▶ [What is needed]
Print the records below exactly, and do not carry over any picture.

===

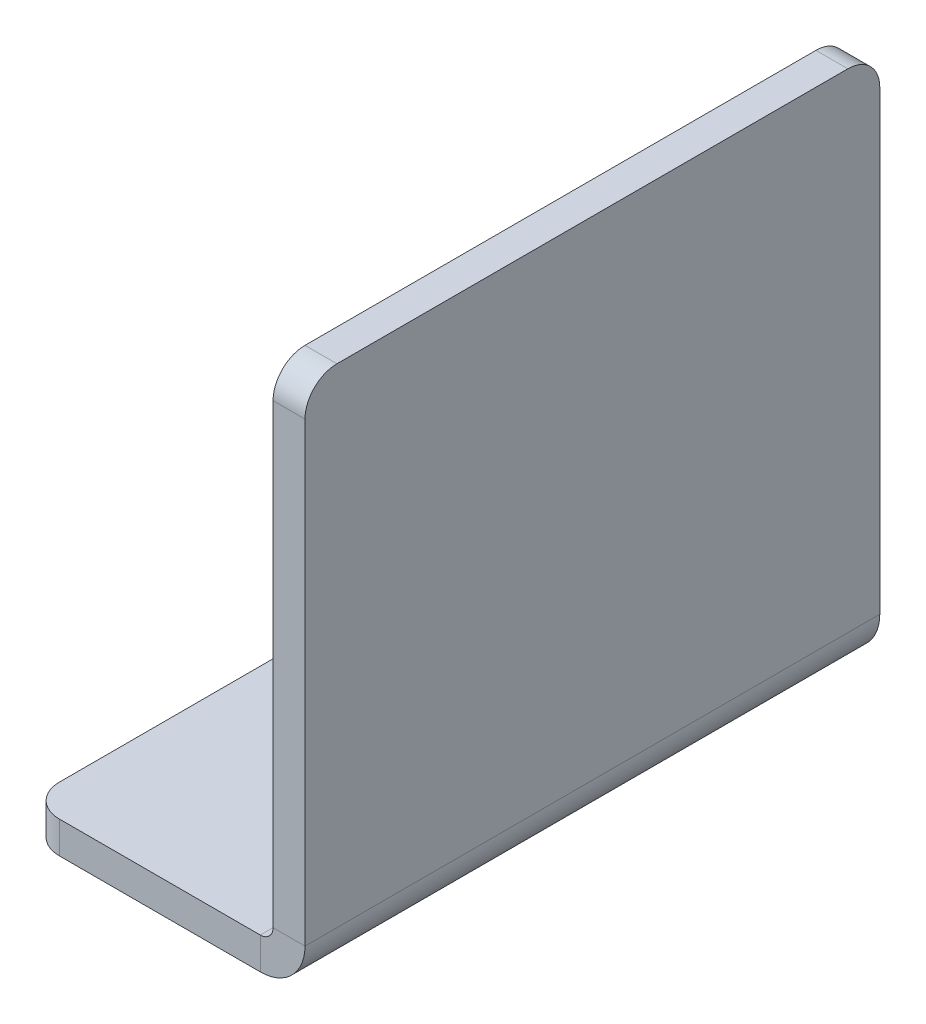
from build123d import *

# Parameters (mm, degrees)
SKETCH11_W             = 152.4
SKETCH11_H             = 114.3
BOSS_EXTRUDE1_DEPTH    = 6.35
SKETCHED_START         = -114.3
SKETCHED_BEND1_DEPTH   = 114.3
SKETCHED_BEND1_2_DEPTH = 114.3
FILLET1_R              = 6.35


# Read off the part's stored shape, not the designer's step: Sketched Bend1
with BuildPart() as part:
    # Sketch11 → Boss-Extrude1 (new body)
    with BuildSketch(Plane(origin=(0, 0, 0), x_dir=(1, 0, 0), z_dir=(0, 1, 0))):
        with Locations((76.2, 57.15)):
            Rectangle(SKETCH11_W, SKETCH11_H)
    extrude(amount=BOSS_EXTRUDE1_DEPTH)

    # Sketched Bend1 outline → Sketched Bend1 (cut)
    with BuildSketch(Plane.XY.offset(SKETCHED_START)):
        with BuildLine():
            Line((152.4, 6.35), (54.83086849, 6.35))
            ThreePointArc((54.83086849, 6.35), (51.624240665, 1.762142678), (46.311449496, 0))
            Line((46.311449496, 0), (152.4, 0))
            Line((152.4, 0), (152.4, 6.35))
        make_face()
    extrude(amount=SKETCHED_BEND1_DEPTH, mode=Mode.SUBTRACT)

    # Sketched Bend1 2 outline → Sketched Bend1 2 (add)
    with BuildSketch(Plane.XY.offset(SKETCHED_START)):
        with BuildLine():
            Line((48.851449496, 106.001449496), (48.851449496, 8.89))
            ThreePointArc((48.851449496, 8.89), (48.10750072, 7.093948776), (46.311449496, 6.35))
            Line((46.311449496, 6.35), (54.83086849, 6.35))
            ThreePointArc((54.83086849, 6.35), (55.108316406, 7.606554415), (55.201449496, 8.89))
            Line((55.201449496, 8.89), (55.201449496, 106.001449496))
            Line((55.201449496, 106.001449496), (48.851449496, 106.001449496))
        make_face()
    extrude(amount=SKETCHED_BEND1_2_DEPTH)

    # Fillet1
    fillet1_edges = [part.edges().sort_by_distance(p)[0] for p in [
        (0, 3.175, 0),
        (0, 3.175, -114.3),
        (52.026449496, 106.001449496, -114.3),
        (52.026449496, 106.001449496, 0),
    ]]
    fillet(fillet1_edges, radius=FILLET1_R)


solid = part.part

===

▶ [Task response]
from build123d import *

# Parameters (mm, degrees)
SKETCH11_W             = 152.4
SKETCH11_H             = 114.3
BOSS_EXTRUDE1_DEPTH    = 6.35
SKETCHED_START         = -114.3
SKETCHED_BEND1_DEPTH   = 114.3
SKETCHED_BEND1_2_DEPTH = 114.3
FILLET1_R              = 6.35


# Read off the part's stored shape, not the designer's step: Sketched Bend1
with BuildPart() as part:
    # Sketch11 → Boss-Extrude1 (new body)
    with BuildSketch(Plane(origin=(0, 0, 0), x_dir=(1, 0, 0), z_dir=(0, 1, 0))):
        with Locations((76.2, 57.15)):
            Rectangle(SKETCH11_W, SKETCH11_H)
    extrude(amount=BOSS_EXTRUDE1_DEPTH)

    # Sketched Bend1 outline → Sketched Bend1 (cut)
    with BuildSketch(Plane.XY.offset(SKETCHED_START)):
        with BuildLine():
            Line((152.4, 6.35), (54.83086849, 6.35))
            ThreePointArc((54.83086849, 6.35), (51.624240665, 1.762142678), (46.311449496, 0))
            Line((46.311449496, 0), (152.4, 0))
            Line((152.4, 0), (152.4, 6.35))
        make_face()
    extrude(amount=SKETCHED_BEND1_DEPTH, mode=Mode.SUBTRACT)

    # Sketched Bend1 2 outline → Sketched Bend1 2 (add)
    with BuildSketch(Plane.XY.offset(SKETCHED_START)):
        with BuildLine():
            Line((48.851449496, 106.001449496), (48.851449496, 8.89))
            ThreePointArc((48.851449496, 8.89), (48.10750072, 7.093948776), (46.311449496, 6.35))
            Line((46.311449496, 6.35), (54.83086849, 6.35))
            ThreePointArc((54.83086849, 6.35), (55.108316406, 7.606554415), (55.201449496, 8.89))
            Line((55.201449496, 8.89), (55.201449496, 106.001449496))
            Line((55.201449496, 106.001449496), (48.851449496, 106.001449496))
        make_face()
    extrude(amount=SKETCHED_BEND1_2_DEPTH)

    # Fillet1
    fillet1_edges = [part.edges().sort_by_distance(p)[0] for p in [
        (0, 3.175, 0),
        (0, 3.175, -114.3),
        (52.026449496, 106.001449496, -114.3),
        (52.026449496, 106.001449496, 0),
    ]]
    fillet(fillet1_edges, radius=FILLET1_R)


solid = part.part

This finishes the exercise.